Action item:
Copy out only those lines running from the line with "w/ Latch Released" to the end of the listing, keeping each one exactly as it is.

※

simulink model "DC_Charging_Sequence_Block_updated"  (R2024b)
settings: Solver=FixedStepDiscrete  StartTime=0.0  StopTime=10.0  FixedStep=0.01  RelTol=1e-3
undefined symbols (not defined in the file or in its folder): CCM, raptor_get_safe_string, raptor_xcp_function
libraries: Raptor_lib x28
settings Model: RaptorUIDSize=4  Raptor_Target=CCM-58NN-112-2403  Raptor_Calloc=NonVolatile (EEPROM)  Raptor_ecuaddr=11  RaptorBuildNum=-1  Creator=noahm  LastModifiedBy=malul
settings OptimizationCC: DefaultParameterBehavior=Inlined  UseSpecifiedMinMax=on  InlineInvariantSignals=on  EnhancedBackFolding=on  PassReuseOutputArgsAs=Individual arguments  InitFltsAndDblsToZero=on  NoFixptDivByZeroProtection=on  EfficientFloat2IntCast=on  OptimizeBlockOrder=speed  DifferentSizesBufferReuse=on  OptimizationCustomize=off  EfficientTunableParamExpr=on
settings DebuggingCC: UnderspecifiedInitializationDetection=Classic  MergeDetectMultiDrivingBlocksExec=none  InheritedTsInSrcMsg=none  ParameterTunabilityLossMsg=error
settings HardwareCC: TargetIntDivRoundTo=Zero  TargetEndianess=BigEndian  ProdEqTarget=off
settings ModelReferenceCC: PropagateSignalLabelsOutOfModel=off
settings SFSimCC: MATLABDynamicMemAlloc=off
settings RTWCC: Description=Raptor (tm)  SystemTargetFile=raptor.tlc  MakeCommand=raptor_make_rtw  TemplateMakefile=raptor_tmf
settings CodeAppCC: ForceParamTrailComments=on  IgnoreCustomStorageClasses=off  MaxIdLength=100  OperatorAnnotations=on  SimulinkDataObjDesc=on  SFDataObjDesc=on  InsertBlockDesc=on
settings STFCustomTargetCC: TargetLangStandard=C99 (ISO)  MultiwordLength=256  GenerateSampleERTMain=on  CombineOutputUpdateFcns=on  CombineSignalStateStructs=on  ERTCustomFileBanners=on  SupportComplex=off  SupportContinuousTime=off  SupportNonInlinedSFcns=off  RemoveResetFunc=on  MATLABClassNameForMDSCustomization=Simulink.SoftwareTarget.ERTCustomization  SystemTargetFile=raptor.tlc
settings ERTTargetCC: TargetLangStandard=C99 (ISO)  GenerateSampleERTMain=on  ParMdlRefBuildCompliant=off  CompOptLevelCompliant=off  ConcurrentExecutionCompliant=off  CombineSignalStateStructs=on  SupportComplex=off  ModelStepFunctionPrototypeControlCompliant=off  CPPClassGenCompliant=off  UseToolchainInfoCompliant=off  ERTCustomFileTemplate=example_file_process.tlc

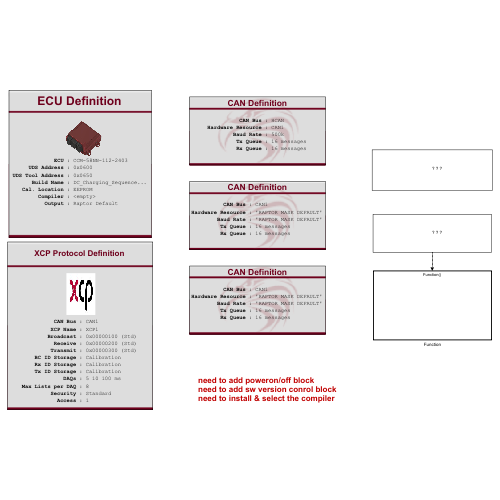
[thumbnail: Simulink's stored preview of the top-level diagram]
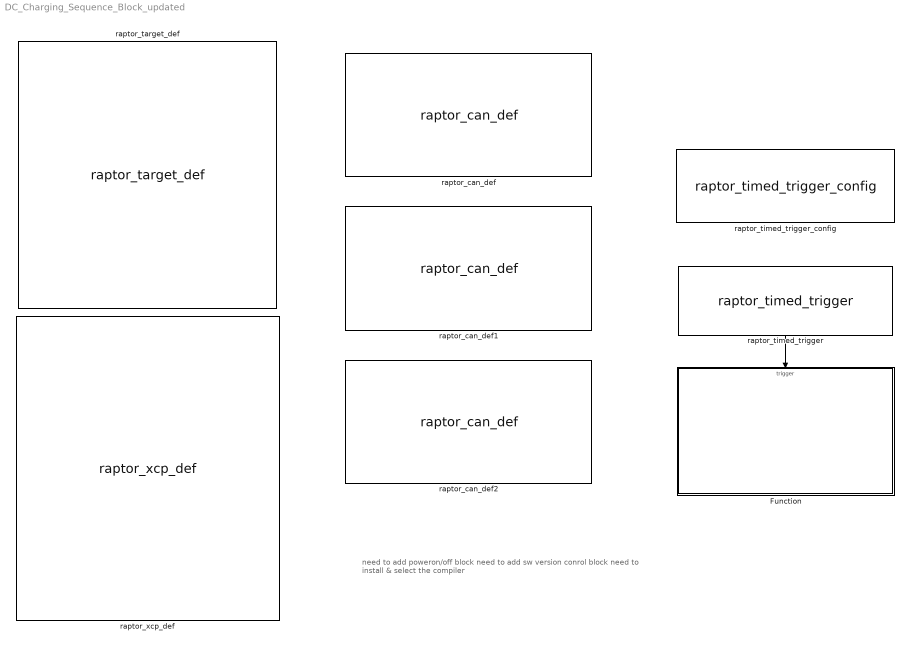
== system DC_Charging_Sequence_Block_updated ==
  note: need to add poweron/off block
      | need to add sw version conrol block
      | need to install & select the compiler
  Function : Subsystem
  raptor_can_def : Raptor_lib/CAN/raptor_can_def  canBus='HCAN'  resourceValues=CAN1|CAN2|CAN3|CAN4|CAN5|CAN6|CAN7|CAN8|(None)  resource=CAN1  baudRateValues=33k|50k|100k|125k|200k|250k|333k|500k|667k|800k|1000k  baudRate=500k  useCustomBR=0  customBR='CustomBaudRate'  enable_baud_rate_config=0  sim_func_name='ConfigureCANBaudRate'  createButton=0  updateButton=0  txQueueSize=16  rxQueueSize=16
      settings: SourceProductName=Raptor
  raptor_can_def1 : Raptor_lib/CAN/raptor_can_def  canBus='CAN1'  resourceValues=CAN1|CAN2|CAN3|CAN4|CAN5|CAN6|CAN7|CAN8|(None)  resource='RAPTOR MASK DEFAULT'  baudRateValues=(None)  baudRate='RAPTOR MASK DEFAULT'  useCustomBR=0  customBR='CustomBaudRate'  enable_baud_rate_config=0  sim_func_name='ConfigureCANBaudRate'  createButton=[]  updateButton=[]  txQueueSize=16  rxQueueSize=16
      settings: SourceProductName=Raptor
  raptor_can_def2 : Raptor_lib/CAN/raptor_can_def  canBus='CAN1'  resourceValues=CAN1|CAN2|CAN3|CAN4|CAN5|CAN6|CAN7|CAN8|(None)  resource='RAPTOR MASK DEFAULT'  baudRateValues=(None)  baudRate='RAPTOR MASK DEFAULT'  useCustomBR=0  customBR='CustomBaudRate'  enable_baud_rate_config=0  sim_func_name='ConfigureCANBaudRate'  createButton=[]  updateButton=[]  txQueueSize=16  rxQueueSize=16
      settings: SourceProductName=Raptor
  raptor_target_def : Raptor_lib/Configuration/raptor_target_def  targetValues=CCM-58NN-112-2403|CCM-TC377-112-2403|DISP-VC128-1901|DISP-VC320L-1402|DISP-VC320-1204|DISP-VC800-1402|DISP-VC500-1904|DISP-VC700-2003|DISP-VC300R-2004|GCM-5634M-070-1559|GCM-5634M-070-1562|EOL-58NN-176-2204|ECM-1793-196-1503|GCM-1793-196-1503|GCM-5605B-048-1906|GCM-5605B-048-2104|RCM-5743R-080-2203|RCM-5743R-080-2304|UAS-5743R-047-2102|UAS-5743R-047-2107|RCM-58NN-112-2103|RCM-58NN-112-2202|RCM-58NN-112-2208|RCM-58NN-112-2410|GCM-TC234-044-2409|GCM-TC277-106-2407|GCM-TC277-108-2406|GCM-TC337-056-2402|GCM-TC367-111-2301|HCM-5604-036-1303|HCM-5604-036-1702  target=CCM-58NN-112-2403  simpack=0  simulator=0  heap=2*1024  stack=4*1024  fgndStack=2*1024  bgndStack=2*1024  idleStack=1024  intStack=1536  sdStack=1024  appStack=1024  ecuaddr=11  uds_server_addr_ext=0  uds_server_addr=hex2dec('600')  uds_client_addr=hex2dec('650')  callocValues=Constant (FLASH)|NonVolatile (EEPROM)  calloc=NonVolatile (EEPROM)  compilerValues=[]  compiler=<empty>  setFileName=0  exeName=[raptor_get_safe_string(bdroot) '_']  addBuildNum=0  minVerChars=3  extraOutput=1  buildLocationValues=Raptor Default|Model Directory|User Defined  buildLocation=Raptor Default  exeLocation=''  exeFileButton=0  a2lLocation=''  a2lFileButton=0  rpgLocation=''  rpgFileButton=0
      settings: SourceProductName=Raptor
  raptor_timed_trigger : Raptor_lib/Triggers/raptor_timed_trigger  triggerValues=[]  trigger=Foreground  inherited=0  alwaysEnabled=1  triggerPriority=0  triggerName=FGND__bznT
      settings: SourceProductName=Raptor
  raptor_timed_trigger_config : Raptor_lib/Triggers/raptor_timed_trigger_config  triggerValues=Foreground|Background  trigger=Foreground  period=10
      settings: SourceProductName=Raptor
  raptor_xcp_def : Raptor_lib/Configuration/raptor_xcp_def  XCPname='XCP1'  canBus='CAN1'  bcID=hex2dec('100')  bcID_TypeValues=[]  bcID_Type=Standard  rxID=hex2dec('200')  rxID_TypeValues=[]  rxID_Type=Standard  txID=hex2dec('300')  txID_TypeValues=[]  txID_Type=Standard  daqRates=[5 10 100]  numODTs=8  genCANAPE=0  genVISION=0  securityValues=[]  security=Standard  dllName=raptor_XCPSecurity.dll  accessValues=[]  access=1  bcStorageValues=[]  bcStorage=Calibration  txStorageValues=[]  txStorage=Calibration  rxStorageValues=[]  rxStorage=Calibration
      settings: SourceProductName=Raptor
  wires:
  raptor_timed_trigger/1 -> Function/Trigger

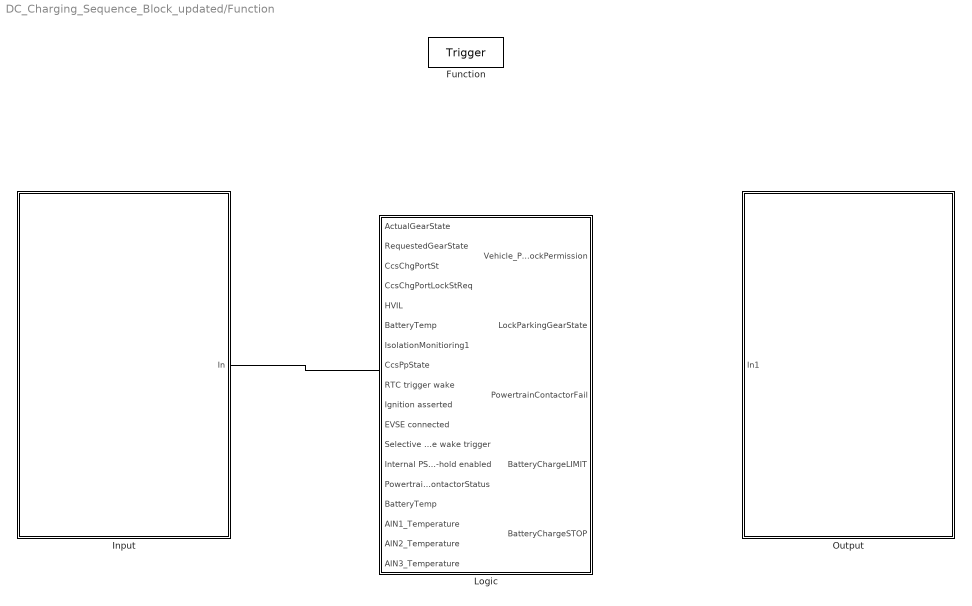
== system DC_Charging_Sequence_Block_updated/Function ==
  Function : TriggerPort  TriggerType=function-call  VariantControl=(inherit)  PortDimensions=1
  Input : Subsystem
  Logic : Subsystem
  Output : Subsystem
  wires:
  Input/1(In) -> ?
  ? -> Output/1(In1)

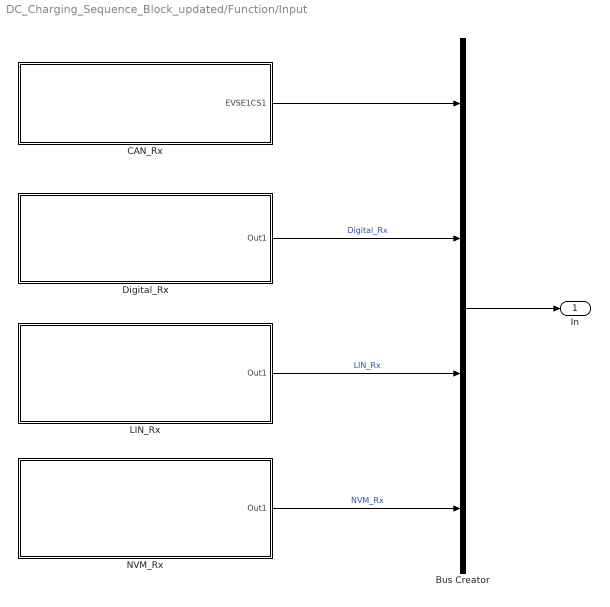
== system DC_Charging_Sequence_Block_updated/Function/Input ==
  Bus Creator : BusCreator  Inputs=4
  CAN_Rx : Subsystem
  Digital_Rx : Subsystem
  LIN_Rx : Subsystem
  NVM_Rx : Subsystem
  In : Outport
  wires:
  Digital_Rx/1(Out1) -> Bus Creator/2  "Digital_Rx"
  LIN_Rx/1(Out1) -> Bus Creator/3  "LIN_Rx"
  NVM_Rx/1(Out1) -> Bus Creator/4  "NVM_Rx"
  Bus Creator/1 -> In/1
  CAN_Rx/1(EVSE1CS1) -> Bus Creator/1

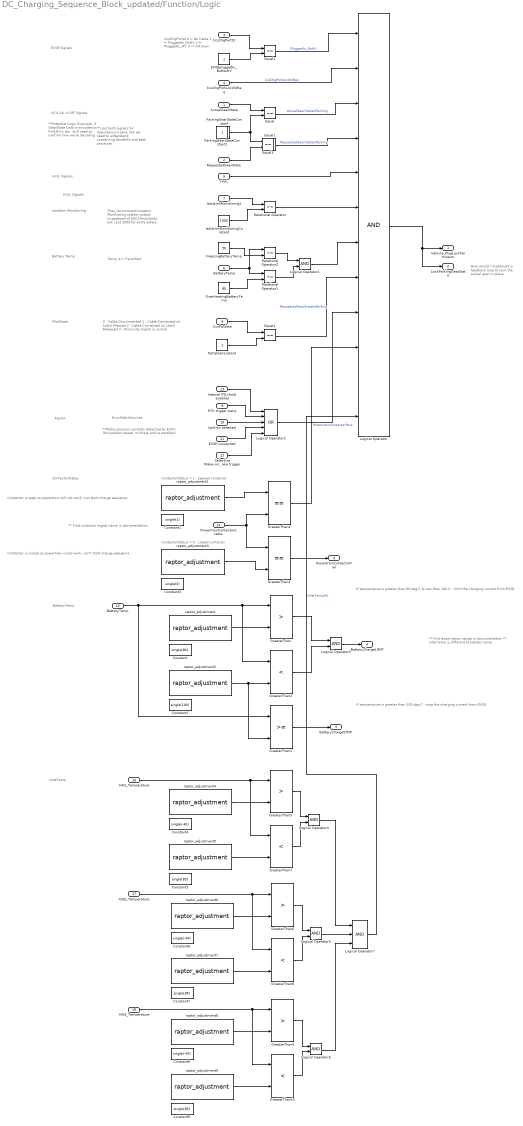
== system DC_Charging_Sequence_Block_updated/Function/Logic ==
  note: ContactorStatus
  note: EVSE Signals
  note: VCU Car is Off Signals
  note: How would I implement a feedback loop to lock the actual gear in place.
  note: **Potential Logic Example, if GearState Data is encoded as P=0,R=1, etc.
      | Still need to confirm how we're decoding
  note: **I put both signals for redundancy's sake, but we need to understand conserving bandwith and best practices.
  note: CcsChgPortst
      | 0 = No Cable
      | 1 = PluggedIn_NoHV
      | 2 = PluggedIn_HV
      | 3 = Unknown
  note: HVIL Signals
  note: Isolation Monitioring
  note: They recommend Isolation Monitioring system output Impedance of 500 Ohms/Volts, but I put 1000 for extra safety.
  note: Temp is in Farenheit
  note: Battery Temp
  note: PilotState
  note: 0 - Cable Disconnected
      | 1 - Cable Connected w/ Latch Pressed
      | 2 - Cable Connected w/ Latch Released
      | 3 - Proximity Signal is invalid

※

Task result:
      | 2 - Cable Connected w/ Latch Released
      | 3 - Proximity Signal is invalid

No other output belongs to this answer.